There are a large variety of flat types and layouts which cater to various housing budgets. HDB flats were built primarily to provide affordable housing for the poor and their purchase can be financially aided by the Central Provident Fund. Due to changing demands, there were more up-market public housing developments in recent years.
Since the founding of modern Singapore, housing in the fledging colony has been concentrated in the city centre, where the early town plans has stipulated ethnic-based districts built on both sides of the Singapore River. Housing in the city was primarily in the form of shophouses where multiple families would live in confined spaces. Housing in the suburban areas were often in the form of either traditional Malay (and occasionally Chinese) villages (Kampongs) or large estates and mansions owned by the Europeans or richer locals.
By the 1920s, chronic housing conditions in downtown Singapore prompted the British colonial government to establish the Singapore Improvement Trust in 1927 to build affordable public housing for the common population of Singapore. The first forms of mass-built public housing thus appeared in Singapore. Still, the SIT managed to build only 23,000 housing units in its 32 years of existence, and was unable to resolve the worsening housing shortage problem.
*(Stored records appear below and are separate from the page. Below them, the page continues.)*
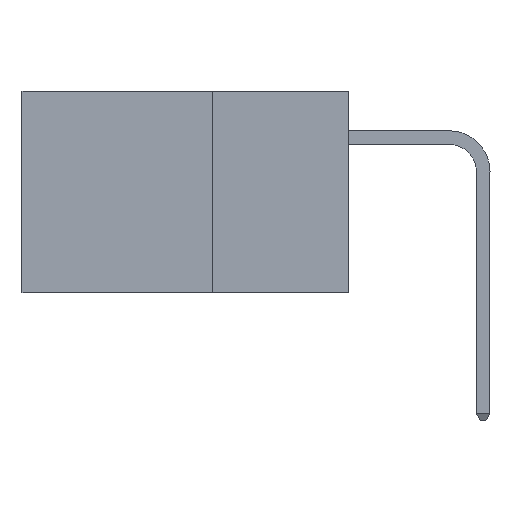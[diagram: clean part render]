
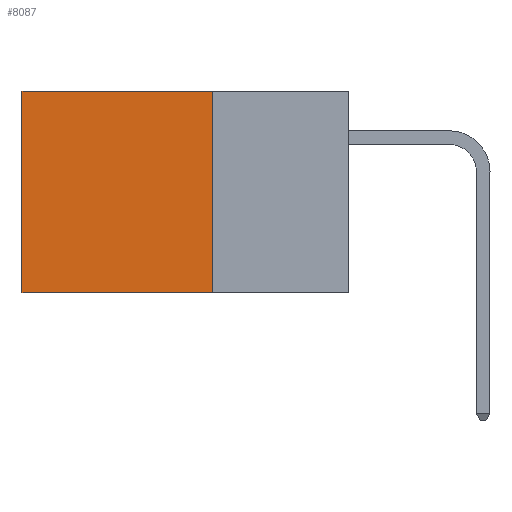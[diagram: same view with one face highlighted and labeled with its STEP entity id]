
A CAD part, left-side view. The second image highlights one B-rep face of the part: STEP entity #8087.
In plain terms, the highlighted planar face has unit normal (-1, 0, 0).
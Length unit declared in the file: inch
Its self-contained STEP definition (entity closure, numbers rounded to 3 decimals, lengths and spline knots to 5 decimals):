
#601 = AXIS2_PLACEMENT_3D ( 'NONE', #35956, #18803, #1318 ) ;
#1318 = DIRECTION ( 'NONE',  ( 0., 0., -1. ) ) ;
#1600 = CARTESIAN_POINT ( 'NONE',  ( 0.2875, 0.25, 0. ) ) ;
#1702 = CARTESIAN_POINT ( 'NONE',  ( 0.2875, 0.25, 0. ) ) ;
#3197 = CARTESIAN_POINT ( 'NONE',  ( 0.2875, 0.25, -0.37 ) ) ;
#4497 = ORIENTED_EDGE ( 'NONE', *, *, #33724, .T. ) ;
#6053 = ORIENTED_EDGE ( 'NONE', *, *, #35476, .F. ) ;
#6308 = EDGE_CURVE ( 'NONE', #8841, #28479, #29673, .T. ) ;
#8087 = ADVANCED_FACE ( 'NONE', ( #12200 ), #33103, .F. ) ;
#8269 = LINE ( 'NONE', #3197, #23732 ) ;
#8452 = ORIENTED_EDGE ( 'NONE', *, *, #26807, .T. ) ;
#8841 = VERTEX_POINT ( 'NONE', #1600 ) ;
#11644 = ORIENTED_EDGE ( 'NONE', *, *, #6308, .F. ) ;
#12200 = FACE_OUTER_BOUND ( 'NONE', #21522, .T. ) ;
#13300 = VERTEX_POINT ( 'NONE', #27609 ) ;
#14259 = VECTOR ( 'NONE', #27851, 39.37008 ) ;
#17313 = DIRECTION ( 'NONE',  ( 0., 1., 0. ) ) ;
#18803 = DIRECTION ( 'NONE',  ( 1., 0., 0. ) ) ;
#19448 = LINE ( 'NONE', #35304, #26204 ) ;
#20254 = LINE ( 'NONE', #34517, #35503 ) ;
#21015 = DIRECTION ( 'NONE',  ( 0., 0., -1. ) ) ;
#21522 = EDGE_LOOP ( 'NONE', ( #8452, #6053, #11644, #4497 ) ) ;
#23554 = DIRECTION ( 'NONE',  ( 0., 1., 0. ) ) ;
#23732 = VECTOR ( 'NONE', #23554, 39.37008 ) ;
#24974 = VERTEX_POINT ( 'NONE', #36687 ) ;
#26204 = VECTOR ( 'NONE', #21015, 39.37008 ) ;
#26807 = EDGE_CURVE ( 'NONE', #13300, #24974, #19448, .T. ) ;
#27609 = CARTESIAN_POINT ( 'NONE',  ( 0.2875, 0.6, 0. ) ) ;
#27851 = DIRECTION ( 'NONE',  ( 0., 0., -1. ) ) ;
#28479 = VERTEX_POINT ( 'NONE', #34450 ) ;
#29673 = LINE ( 'NONE', #1702, #14259 ) ;
#33103 = PLANE ( 'NONE',  #601 ) ;
#33724 = EDGE_CURVE ( 'NONE', #8841, #13300, #20254, .T. ) ;
#34450 = CARTESIAN_POINT ( 'NONE',  ( 0.2875, 0.25, -0.37 ) ) ;
#34517 = CARTESIAN_POINT ( 'NONE',  ( 0.2875, 0.25, 0. ) ) ;
#35304 = CARTESIAN_POINT ( 'NONE',  ( 0.2875, 0.6, 0. ) ) ;
#35476 = EDGE_CURVE ( 'NONE', #28479, #24974, #8269, .T. ) ;
#35503 = VECTOR ( 'NONE', #17313, 39.37008 ) ;
#35956 = CARTESIAN_POINT ( 'NONE',  ( 0.2875, 0.25, 0. ) ) ;
#36687 = CARTESIAN_POINT ( 'NONE',  ( 0.2875, 0.6, -0.37 ) ) ;
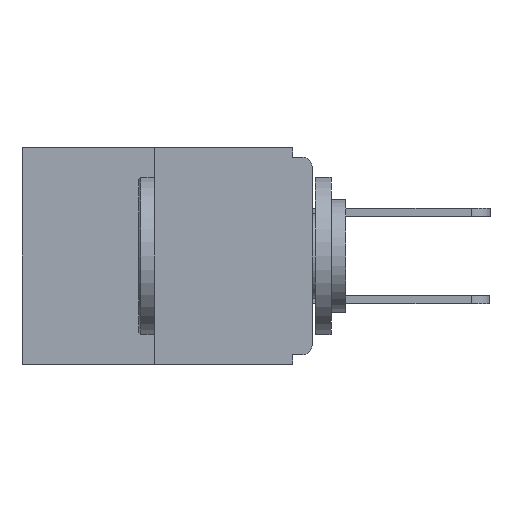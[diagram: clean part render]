
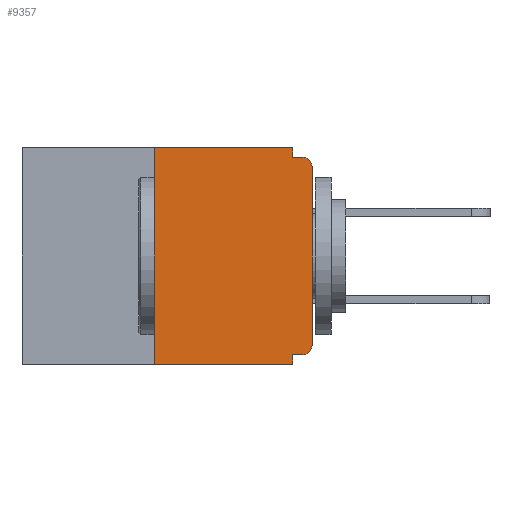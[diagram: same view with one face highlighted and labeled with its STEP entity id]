
A CAD part, left-side view. The second image highlights one B-rep face of the part: STEP entity #9357.
In plain terms, the highlighted planar face has unit normal (-1, 0, 0).
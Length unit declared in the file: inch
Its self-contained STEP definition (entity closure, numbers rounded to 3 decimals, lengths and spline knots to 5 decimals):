
#40 = VERTEX_POINT ( 'NONE', #3684 ) ;
#70 = VECTOR ( 'NONE', #7961, 39.37008 ) ;
#81 = AXIS2_PLACEMENT_3D ( 'NONE', #11425, #8582, #345 ) ;
#203 = PLANE ( 'NONE',  #5772 ) ;
#345 = DIRECTION ( 'NONE',  ( 0., 0., -1. ) ) ;
#415 = CIRCLE ( 'NONE', #81, 0.015 ) ;
#452 = ORIENTED_EDGE ( 'NONE', *, *, #2986, .F. ) ;
#773 = ORIENTED_EDGE ( 'NONE', *, *, #6029, .F. ) ;
#788 = LINE ( 'NONE', #7240, #70 ) ;
#834 = EDGE_CURVE ( 'NONE', #8056, #5337, #415, .T. ) ;
#1176 = FACE_OUTER_BOUND ( 'NONE', #5330, .T. ) ;
#1236 = CARTESIAN_POINT ( 'NONE',  ( 0., 0.031, 0. ) ) ;
#1516 = CARTESIAN_POINT ( 'NONE',  ( 0., 0.015, -0.313 ) ) ;
#1812 = EDGE_CURVE ( 'NONE', #2335, #7235, #4972, .T. ) ;
#2044 = LINE ( 'NONE', #3807, #11900 ) ;
#2160 = DIRECTION ( 'NONE',  ( 0., 0., -1. ) ) ;
#2161 = DIRECTION ( 'NONE',  ( 1., 0., 0. ) ) ;
#2335 = VERTEX_POINT ( 'NONE', #6934 ) ;
#2390 = LINE ( 'NONE', #9901, #7183 ) ;
#2922 = CARTESIAN_POINT ( 'NONE',  ( 0., 0.015, -0.015 ) ) ;
#2944 = EDGE_CURVE ( 'NONE', #11803, #5301, #10639, .T. ) ;
#2986 = EDGE_CURVE ( 'NONE', #11803, #11602, #8884, .T. ) ;
#3061 = ORIENTED_EDGE ( 'NONE', *, *, #3154, .F. ) ;
#3151 = AXIS2_PLACEMENT_3D ( 'NONE', #1516, #11722, #8911 ) ;
#3154 = EDGE_CURVE ( 'NONE', #2335, #5508, #3221, .T. ) ;
#3221 = LINE ( 'NONE', #7394, #9622 ) ;
#3296 = EDGE_CURVE ( 'NONE', #5508, #5301, #11790, .T. ) ;
#3457 = ORIENTED_EDGE ( 'NONE', *, *, #834, .T. ) ;
#3492 = CARTESIAN_POINT ( 'NONE',  ( 0., 0., -0.313 ) ) ;
#3509 = DIRECTION ( 'NONE',  ( 0., -1., 0. ) ) ;
#3534 = CARTESIAN_POINT ( 'NONE',  ( 0., 0.25, 0. ) ) ;
#3684 = CARTESIAN_POINT ( 'NONE',  ( 0., 0.031, 0. ) ) ;
#3807 = CARTESIAN_POINT ( 'NONE',  ( 0., 0., 0. ) ) ;
#4725 = DIRECTION ( 'NONE',  ( 0., 0., 1. ) ) ;
#4972 = CIRCLE ( 'NONE', #3151, 0.015 ) ;
#5134 = CARTESIAN_POINT ( 'NONE',  ( 0., 0.25, -0.343 ) ) ;
#5301 = VERTEX_POINT ( 'NONE', #8570 ) ;
#5330 = EDGE_LOOP ( 'NONE', ( #8970, #452, #6646, #10821, #3061, #6718, #8757, #3457, #773, #5983 ) ) ;
#5337 = VERTEX_POINT ( 'NONE', #2922 ) ;
#5508 = VERTEX_POINT ( 'NONE', #11494 ) ;
#5772 = AXIS2_PLACEMENT_3D ( 'NONE', #6824, #2161, #8591 ) ;
#5819 = VECTOR ( 'NONE', #9375, 39.37008 ) ;
#5983 = ORIENTED_EDGE ( 'NONE', *, *, #8005, .F. ) ;
#6029 = EDGE_CURVE ( 'NONE', #8367, #5337, #2390, .T. ) ;
#6432 = VECTOR ( 'NONE', #9746, 39.37008 ) ;
#6646 = ORIENTED_EDGE ( 'NONE', *, *, #2944, .T. ) ;
#6718 = ORIENTED_EDGE ( 'NONE', *, *, #1812, .T. ) ;
#6824 = CARTESIAN_POINT ( 'NONE',  ( 0., 0.46, 0. ) ) ;
#6934 = CARTESIAN_POINT ( 'NONE',  ( 0., 0.015, -0.328 ) ) ;
#7183 = VECTOR ( 'NONE', #3509, 39.37008 ) ;
#7235 = VERTEX_POINT ( 'NONE', #3492 ) ;
#7240 = CARTESIAN_POINT ( 'NONE',  ( 0., 0.46, 0. ) ) ;
#7394 = CARTESIAN_POINT ( 'NONE',  ( 0., 0., -0.328 ) ) ;
#7577 = CARTESIAN_POINT ( 'NONE',  ( 0., 0.031, -0.343 ) ) ;
#7720 = EDGE_CURVE ( 'NONE', #11602, #40, #788, .T. ) ;
#7961 = DIRECTION ( 'NONE',  ( 0., -1., 0. ) ) ;
#8005 = EDGE_CURVE ( 'NONE', #40, #8367, #9612, .T. ) ;
#8056 = VERTEX_POINT ( 'NONE', #9651 ) ;
#8367 = VERTEX_POINT ( 'NONE', #9761 ) ;
#8570 = CARTESIAN_POINT ( 'NONE',  ( 0., 0.031, -0.343 ) ) ;
#8582 = DIRECTION ( 'NONE',  ( -1., 0., 0. ) ) ;
#8591 = DIRECTION ( 'NONE',  ( 0., 0., -1. ) ) ;
#8757 = ORIENTED_EDGE ( 'NONE', *, *, #9268, .T. ) ;
#8884 = LINE ( 'NONE', #11660, #6432 ) ;
#8911 = DIRECTION ( 'NONE',  ( 0., 0., -1. ) ) ;
#8970 = ORIENTED_EDGE ( 'NONE', *, *, #7720, .F. ) ;
#9268 = EDGE_CURVE ( 'NONE', #7235, #8056, #2044, .T. ) ;
#9317 = VECTOR ( 'NONE', #2160, 39.37008 ) ;
#9357 = ADVANCED_FACE ( 'NONE', ( #1176 ), #203, .F. ) ;
#9375 = DIRECTION ( 'NONE',  ( 0., 0., -1. ) ) ;
#9612 = LINE ( 'NONE', #1236, #9317 ) ;
#9622 = VECTOR ( 'NONE', #10234, 39.37008 ) ;
#9651 = CARTESIAN_POINT ( 'NONE',  ( 0., 0., -0.03 ) ) ;
#9746 = DIRECTION ( 'NONE',  ( 0., 0., 1. ) ) ;
#9761 = CARTESIAN_POINT ( 'NONE',  ( 0., 0.031, -0.015 ) ) ;
#9901 = CARTESIAN_POINT ( 'NONE',  ( 0., 0., -0.015 ) ) ;
#10234 = DIRECTION ( 'NONE',  ( 0., 1., 0. ) ) ;
#10639 = LINE ( 'NONE', #11619, #11937 ) ;
#10641 = DIRECTION ( 'NONE',  ( 0., -1., 0. ) ) ;
#10821 = ORIENTED_EDGE ( 'NONE', *, *, #3296, .F. ) ;
#11425 = CARTESIAN_POINT ( 'NONE',  ( 0., 0.015, -0.03 ) ) ;
#11494 = CARTESIAN_POINT ( 'NONE',  ( 0., 0.031, -0.328 ) ) ;
#11602 = VERTEX_POINT ( 'NONE', #3534 ) ;
#11619 = CARTESIAN_POINT ( 'NONE',  ( 0., 0.46, -0.343 ) ) ;
#11660 = CARTESIAN_POINT ( 'NONE',  ( 0., 0.25, 0. ) ) ;
#11722 = DIRECTION ( 'NONE',  ( -1., 0., 0. ) ) ;
#11790 = LINE ( 'NONE', #7577, #5819 ) ;
#11803 = VERTEX_POINT ( 'NONE', #5134 ) ;
#11900 = VECTOR ( 'NONE', #4725, 39.37008 ) ;
#11937 = VECTOR ( 'NONE', #10641, 39.37008 ) ;

Low construction rates and massive damage from World War II further exacerbated the housing shortage. In 1947, the British Housing Committee Report noted Singapore had "one of the world's worst slums – 'a disgrace to a civilised community'" and the average person per building density was 18.2 by 1947 and high-rise buildings were uncommon. In 1959, the problem of shortage still remained a serious problem. An HDB paper estimated that in 1966, 300,000 people lived in squatter settlements in the suburbs and 250,000 lived in squalid shophouses in the Central Area.